● **Exercise brief**:
For the records below, print the lines from the line with "D9: IC1.13 (PB1(OC1))" through the line with "XTAL1: IC1.7 (PB6(XTAL1)), R6.1, Y2.3" exactly as written; include both end lines and exclude the rest.
BEGIN Data excerpts
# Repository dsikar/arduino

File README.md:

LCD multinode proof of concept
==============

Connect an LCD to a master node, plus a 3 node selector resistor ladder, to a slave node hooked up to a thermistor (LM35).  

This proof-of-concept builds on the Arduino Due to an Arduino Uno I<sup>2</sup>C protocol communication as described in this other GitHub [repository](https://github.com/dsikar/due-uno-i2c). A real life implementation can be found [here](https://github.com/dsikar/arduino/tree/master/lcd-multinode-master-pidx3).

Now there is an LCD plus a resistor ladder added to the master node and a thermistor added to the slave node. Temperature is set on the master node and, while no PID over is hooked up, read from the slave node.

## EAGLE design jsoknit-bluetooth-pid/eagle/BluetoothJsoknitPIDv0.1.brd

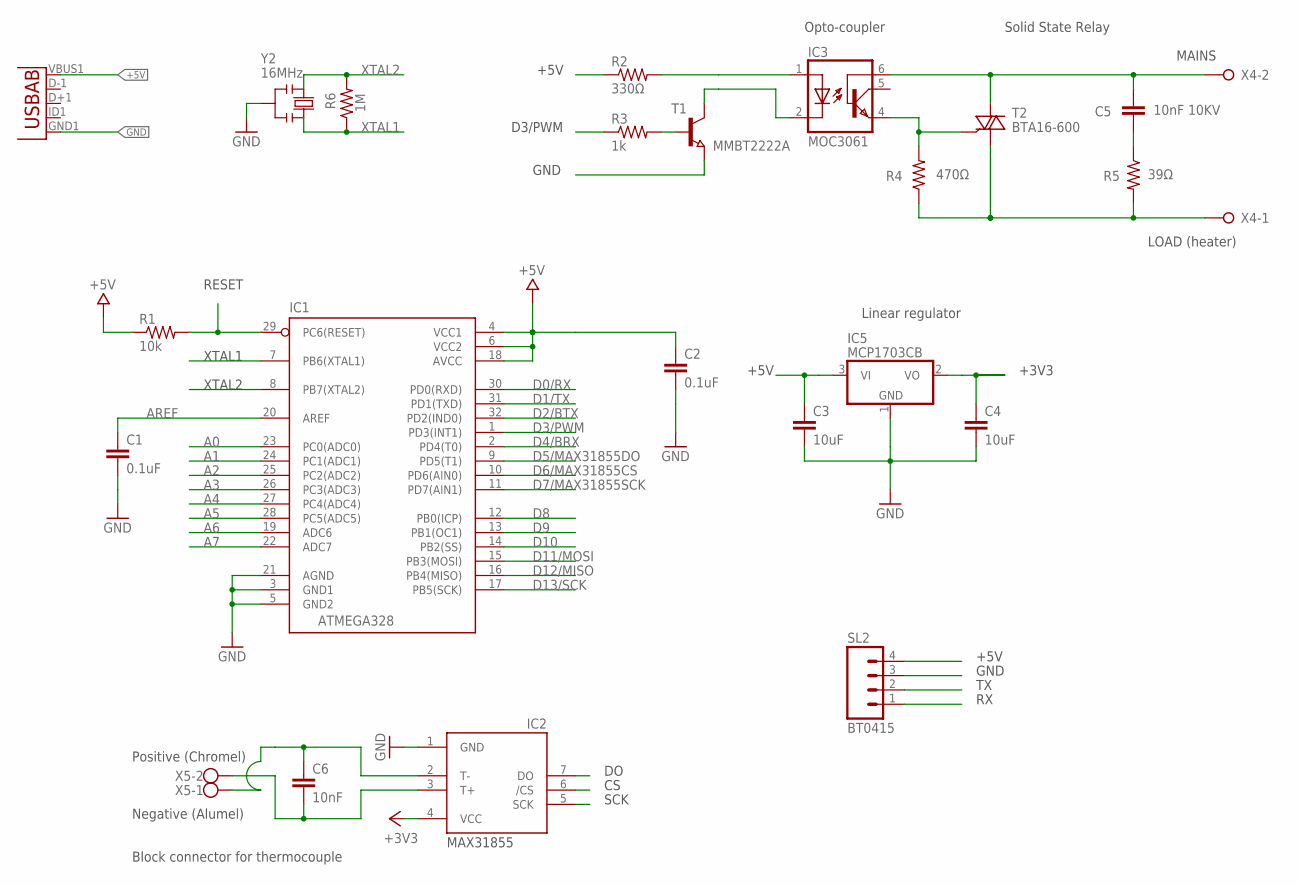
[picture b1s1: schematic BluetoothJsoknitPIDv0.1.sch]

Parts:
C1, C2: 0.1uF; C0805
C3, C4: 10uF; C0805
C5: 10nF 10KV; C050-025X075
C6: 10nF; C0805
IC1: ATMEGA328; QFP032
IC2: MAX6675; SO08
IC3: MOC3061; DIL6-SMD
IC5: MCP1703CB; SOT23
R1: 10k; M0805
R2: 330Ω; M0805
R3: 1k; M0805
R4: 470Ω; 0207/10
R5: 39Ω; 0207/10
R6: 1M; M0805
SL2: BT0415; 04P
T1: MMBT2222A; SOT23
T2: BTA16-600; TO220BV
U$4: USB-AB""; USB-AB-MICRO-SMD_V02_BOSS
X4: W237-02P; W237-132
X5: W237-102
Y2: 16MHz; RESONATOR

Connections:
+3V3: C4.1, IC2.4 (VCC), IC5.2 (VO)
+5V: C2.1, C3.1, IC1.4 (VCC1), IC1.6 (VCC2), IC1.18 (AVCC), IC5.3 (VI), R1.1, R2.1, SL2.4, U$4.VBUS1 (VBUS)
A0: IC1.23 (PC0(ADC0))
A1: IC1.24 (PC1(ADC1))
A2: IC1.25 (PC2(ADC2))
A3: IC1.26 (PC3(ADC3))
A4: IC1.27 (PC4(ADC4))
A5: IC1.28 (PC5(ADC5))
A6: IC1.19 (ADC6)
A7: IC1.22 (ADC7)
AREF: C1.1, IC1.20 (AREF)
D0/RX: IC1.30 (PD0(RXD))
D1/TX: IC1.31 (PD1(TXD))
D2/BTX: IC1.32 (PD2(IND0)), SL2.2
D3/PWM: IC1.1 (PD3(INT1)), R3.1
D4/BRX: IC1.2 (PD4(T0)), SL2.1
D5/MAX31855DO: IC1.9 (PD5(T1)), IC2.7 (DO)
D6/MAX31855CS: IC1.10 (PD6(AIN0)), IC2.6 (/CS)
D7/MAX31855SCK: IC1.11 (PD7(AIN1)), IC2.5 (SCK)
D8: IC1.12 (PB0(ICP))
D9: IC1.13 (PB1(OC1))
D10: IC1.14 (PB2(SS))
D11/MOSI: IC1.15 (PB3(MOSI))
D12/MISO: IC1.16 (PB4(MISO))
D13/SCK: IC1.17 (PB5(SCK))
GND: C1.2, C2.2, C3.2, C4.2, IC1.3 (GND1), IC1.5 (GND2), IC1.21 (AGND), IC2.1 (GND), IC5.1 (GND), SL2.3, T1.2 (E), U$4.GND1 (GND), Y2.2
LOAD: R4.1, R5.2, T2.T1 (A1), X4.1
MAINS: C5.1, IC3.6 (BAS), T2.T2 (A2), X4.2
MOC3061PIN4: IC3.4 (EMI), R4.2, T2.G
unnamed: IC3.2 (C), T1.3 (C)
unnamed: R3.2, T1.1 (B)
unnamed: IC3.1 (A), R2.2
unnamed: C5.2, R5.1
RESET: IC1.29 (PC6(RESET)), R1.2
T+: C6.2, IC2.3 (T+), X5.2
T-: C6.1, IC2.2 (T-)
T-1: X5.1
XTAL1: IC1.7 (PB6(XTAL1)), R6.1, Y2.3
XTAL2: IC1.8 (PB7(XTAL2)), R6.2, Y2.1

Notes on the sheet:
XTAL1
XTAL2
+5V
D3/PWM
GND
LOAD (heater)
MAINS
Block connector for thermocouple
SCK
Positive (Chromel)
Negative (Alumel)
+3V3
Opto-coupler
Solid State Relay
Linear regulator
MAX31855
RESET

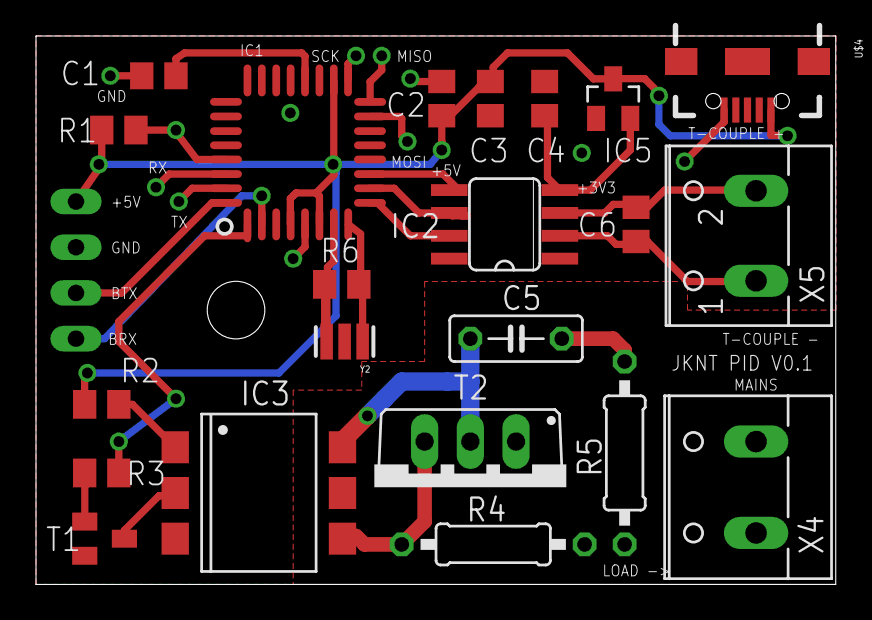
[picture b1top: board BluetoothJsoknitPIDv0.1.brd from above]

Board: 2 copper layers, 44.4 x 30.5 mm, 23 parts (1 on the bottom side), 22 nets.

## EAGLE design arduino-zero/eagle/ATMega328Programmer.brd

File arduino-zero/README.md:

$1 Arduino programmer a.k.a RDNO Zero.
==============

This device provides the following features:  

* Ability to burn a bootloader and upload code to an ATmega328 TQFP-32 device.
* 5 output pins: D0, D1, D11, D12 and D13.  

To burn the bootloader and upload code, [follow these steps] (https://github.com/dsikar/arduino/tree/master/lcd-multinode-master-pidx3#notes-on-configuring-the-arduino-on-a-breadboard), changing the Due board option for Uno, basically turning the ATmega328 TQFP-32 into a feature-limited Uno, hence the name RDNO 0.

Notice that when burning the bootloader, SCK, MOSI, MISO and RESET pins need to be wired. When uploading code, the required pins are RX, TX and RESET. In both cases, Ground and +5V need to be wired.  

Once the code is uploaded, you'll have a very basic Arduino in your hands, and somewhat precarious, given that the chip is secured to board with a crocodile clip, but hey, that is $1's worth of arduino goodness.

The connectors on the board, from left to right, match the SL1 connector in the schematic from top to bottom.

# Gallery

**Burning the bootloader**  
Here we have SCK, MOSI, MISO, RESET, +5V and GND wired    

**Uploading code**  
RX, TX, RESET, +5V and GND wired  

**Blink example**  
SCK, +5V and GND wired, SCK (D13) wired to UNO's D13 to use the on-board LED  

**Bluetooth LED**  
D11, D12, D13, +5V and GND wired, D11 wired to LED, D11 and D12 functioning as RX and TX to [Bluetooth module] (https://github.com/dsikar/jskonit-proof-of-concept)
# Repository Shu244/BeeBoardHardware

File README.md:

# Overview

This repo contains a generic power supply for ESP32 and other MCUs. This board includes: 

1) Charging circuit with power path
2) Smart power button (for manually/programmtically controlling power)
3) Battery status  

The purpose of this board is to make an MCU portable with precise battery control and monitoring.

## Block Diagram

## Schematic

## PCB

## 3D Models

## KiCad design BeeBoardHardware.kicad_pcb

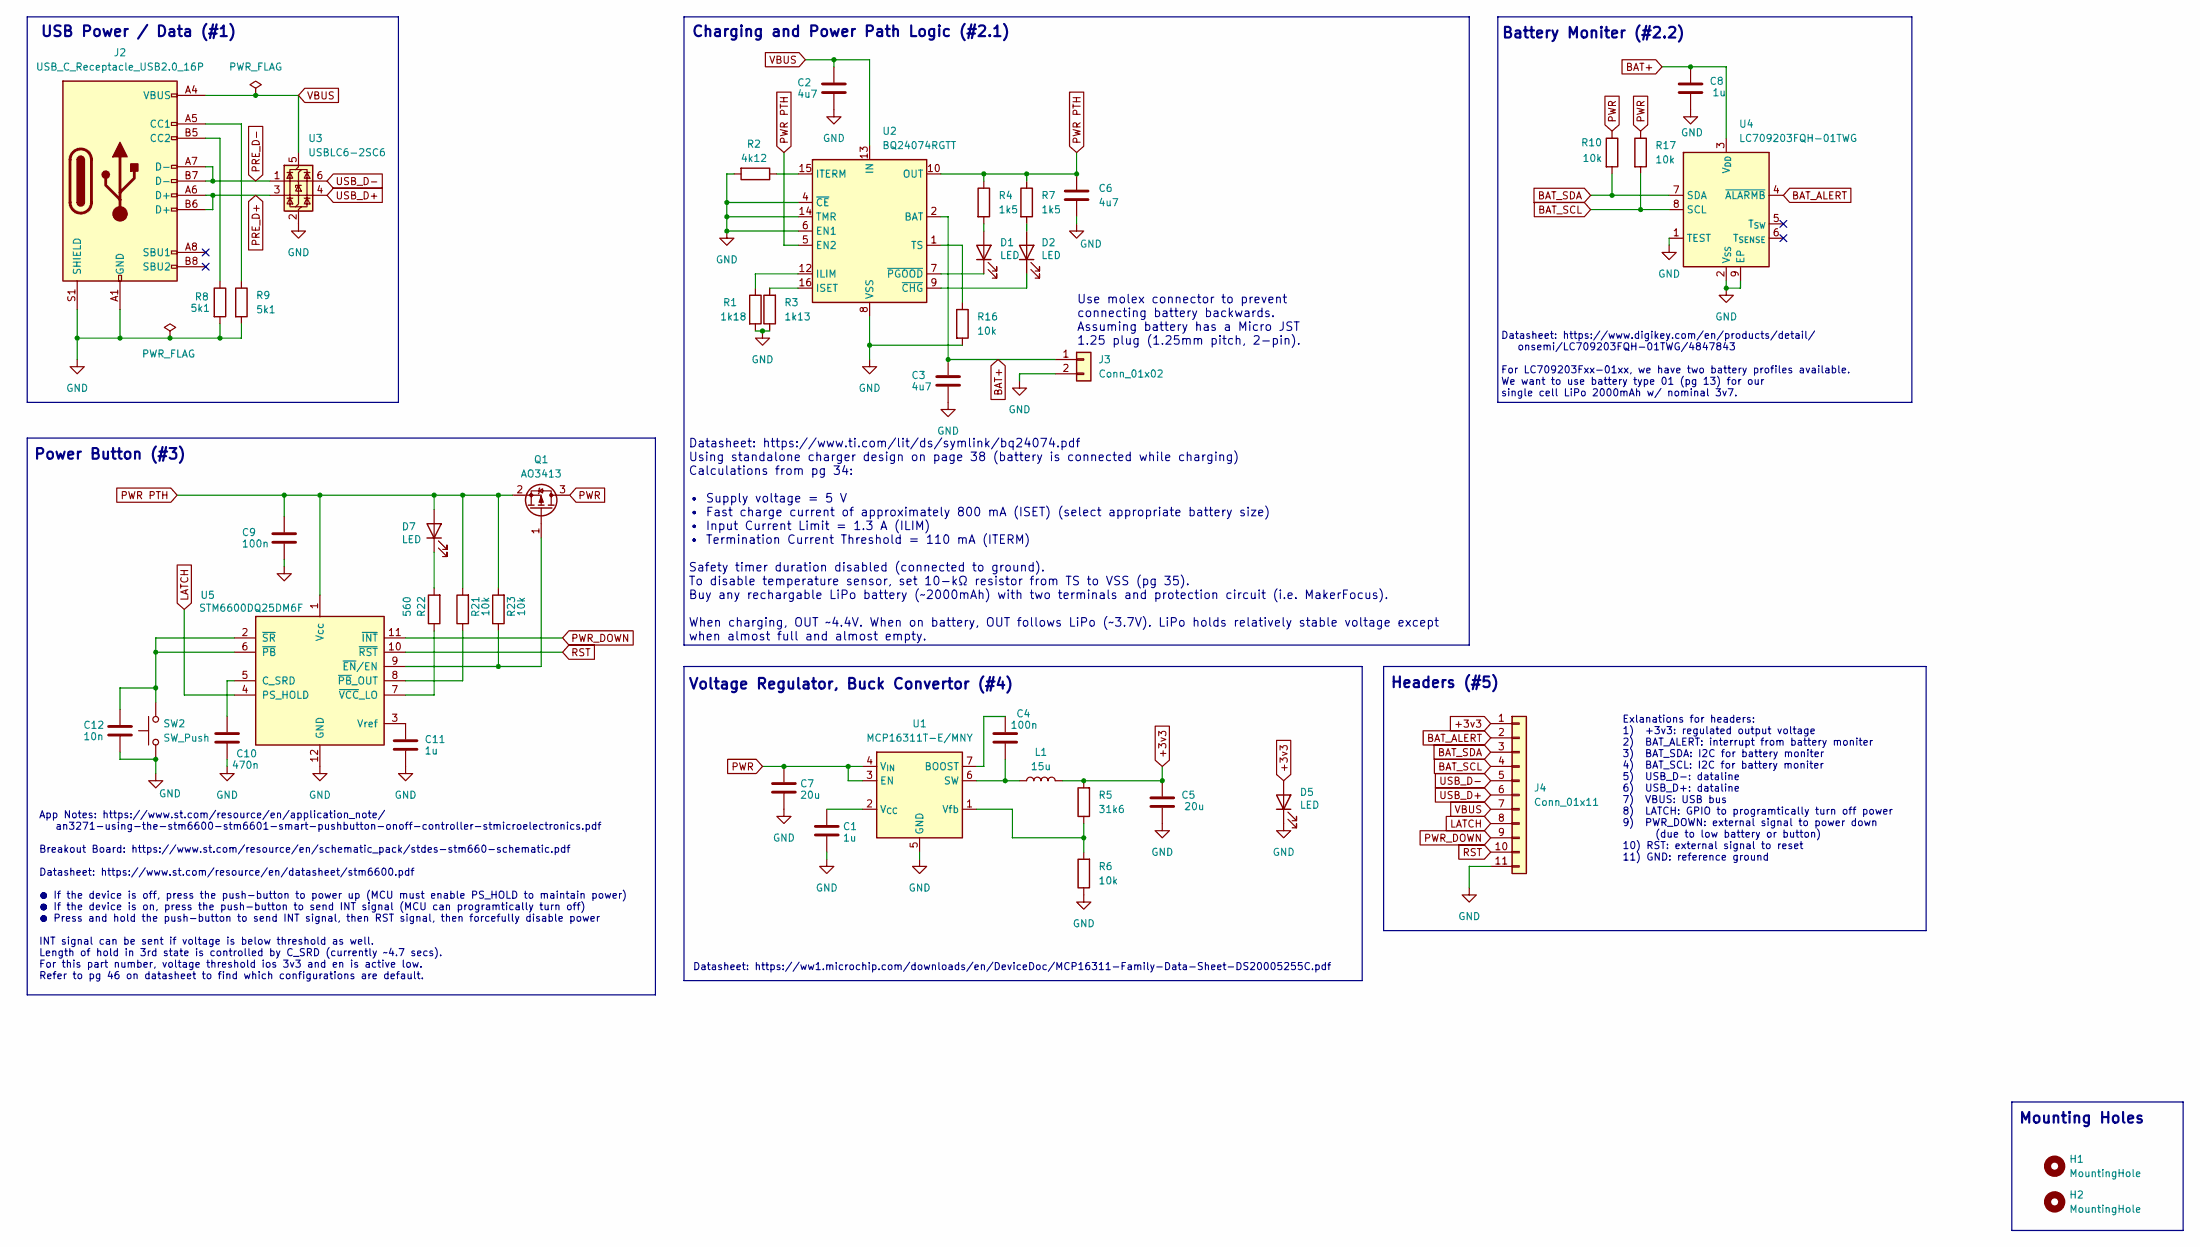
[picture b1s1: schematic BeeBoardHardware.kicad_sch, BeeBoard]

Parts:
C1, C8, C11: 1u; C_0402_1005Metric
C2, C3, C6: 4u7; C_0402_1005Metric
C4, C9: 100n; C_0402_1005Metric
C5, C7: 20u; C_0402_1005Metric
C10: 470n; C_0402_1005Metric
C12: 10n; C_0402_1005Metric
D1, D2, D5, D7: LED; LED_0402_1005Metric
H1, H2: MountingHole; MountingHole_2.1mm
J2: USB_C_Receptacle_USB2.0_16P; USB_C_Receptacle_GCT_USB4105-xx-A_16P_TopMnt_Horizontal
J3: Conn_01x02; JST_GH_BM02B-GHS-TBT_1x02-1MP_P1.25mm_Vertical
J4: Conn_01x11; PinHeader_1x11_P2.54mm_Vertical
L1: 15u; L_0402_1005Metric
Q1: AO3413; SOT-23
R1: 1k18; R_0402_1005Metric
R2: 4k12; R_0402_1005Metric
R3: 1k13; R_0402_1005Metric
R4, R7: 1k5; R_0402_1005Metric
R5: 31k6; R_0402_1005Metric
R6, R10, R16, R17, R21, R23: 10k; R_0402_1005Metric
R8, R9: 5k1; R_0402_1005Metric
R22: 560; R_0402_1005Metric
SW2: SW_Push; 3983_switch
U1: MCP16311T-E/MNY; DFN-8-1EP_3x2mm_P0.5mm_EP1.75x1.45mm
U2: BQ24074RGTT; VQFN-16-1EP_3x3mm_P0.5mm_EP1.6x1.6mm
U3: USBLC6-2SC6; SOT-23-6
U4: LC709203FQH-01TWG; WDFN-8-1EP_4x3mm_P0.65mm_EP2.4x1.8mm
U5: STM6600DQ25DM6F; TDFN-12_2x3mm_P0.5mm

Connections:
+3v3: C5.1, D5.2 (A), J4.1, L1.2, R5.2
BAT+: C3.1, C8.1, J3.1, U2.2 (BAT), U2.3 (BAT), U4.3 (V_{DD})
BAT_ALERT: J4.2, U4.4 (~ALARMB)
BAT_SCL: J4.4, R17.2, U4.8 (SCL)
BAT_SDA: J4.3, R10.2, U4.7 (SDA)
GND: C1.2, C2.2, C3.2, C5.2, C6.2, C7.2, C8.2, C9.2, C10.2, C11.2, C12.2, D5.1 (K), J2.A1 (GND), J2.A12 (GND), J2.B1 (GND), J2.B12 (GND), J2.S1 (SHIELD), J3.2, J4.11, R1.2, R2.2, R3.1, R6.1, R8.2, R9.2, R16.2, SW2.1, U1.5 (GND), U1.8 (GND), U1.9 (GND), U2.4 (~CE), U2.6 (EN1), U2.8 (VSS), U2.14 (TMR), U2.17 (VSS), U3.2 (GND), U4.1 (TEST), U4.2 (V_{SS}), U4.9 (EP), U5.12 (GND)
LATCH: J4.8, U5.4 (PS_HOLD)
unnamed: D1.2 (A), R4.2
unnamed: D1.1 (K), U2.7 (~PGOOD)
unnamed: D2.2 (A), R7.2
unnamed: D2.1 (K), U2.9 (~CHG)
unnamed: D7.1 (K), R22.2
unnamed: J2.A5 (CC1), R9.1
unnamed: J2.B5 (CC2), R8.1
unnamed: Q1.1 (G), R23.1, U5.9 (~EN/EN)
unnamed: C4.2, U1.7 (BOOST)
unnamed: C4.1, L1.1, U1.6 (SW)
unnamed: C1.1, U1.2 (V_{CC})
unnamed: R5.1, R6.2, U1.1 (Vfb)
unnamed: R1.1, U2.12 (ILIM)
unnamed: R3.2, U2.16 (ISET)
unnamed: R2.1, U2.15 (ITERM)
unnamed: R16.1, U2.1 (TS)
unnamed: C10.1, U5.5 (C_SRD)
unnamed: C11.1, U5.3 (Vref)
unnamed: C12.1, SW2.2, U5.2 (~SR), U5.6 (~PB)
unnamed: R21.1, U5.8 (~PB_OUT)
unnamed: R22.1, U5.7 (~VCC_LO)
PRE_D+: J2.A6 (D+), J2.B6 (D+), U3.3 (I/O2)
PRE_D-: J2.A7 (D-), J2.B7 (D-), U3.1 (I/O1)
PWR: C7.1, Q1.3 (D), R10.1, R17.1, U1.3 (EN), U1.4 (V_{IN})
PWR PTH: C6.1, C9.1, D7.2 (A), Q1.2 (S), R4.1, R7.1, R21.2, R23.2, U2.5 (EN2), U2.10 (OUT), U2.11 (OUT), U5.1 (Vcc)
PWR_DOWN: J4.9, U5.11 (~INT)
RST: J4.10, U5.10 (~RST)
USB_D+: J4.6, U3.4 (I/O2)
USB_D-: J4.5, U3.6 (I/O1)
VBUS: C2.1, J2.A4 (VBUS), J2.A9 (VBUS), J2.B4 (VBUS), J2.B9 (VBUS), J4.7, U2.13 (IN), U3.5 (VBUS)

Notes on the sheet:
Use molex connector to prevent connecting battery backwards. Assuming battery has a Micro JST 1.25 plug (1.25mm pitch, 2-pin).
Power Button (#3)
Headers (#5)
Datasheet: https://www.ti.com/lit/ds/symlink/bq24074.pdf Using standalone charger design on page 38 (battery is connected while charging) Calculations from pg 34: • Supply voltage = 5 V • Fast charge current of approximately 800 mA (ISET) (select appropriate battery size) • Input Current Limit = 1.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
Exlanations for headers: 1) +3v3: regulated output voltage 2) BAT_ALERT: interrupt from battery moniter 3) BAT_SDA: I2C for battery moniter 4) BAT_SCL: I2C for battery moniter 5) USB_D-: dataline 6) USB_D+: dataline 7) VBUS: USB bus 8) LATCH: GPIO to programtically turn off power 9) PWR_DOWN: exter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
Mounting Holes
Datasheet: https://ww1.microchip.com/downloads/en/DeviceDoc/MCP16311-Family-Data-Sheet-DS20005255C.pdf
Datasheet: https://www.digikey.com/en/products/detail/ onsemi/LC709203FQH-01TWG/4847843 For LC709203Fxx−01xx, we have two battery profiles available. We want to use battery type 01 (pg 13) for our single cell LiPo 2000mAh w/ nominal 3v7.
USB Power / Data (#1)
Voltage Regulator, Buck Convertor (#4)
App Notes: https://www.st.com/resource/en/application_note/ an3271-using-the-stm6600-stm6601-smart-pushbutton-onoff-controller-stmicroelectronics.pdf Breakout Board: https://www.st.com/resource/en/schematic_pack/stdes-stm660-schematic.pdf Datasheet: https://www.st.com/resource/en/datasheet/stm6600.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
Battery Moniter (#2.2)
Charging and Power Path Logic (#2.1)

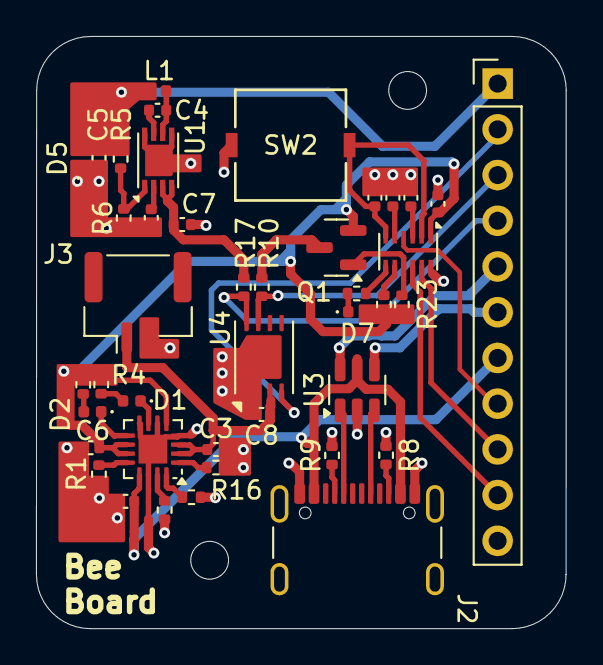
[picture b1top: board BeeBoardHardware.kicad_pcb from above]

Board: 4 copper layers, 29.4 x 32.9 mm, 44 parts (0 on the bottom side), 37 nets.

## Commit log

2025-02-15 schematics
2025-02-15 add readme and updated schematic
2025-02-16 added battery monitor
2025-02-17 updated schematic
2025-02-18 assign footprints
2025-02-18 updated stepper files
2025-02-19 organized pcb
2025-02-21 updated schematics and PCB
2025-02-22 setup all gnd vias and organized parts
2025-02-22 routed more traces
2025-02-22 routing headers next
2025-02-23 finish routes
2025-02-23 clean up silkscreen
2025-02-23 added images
END Data excerpts
● **Exercise answer**:
D9: IC1.13 (PB1(OC1))
D10: IC1.14 (PB2(SS))
D11/MOSI: IC1.15 (PB3(MOSI))
D12/MISO: IC1.16 (PB4(MISO))
D13/SCK: IC1.17 (PB5(SCK))
GND: C1.2, C2.2, C3.2, C4.2, IC1.3 (GND1), IC1.5 (GND2), IC1.21 (AGND), IC2.1 (GND), IC5.1 (GND), SL2.3, T1.2 (E), U$4.GND1 (GND), Y2.2
LOAD: R4.1, R5.2, T2.T1 (A1), X4.1
MAINS: C5.1, IC3.6 (BAS), T2.T2 (A2), X4.2
MOC3061PIN4: IC3.4 (EMI), R4.2, T2.G
unnamed: IC3.2 (C), T1.3 (C)
unnamed: R3.2, T1.1 (B)
unnamed: IC3.1 (A), R2.2
unnamed: C5.2, R5.1
RESET: IC1.29 (PC6(RESET)), R1.2
T+: C6.2, IC2.3 (T+), X5.2
T-: C6.1, IC2.2 (T-)
T-1: X5.1
XTAL1: IC1.7 (PB6(XTAL1)), R6.1, Y2.3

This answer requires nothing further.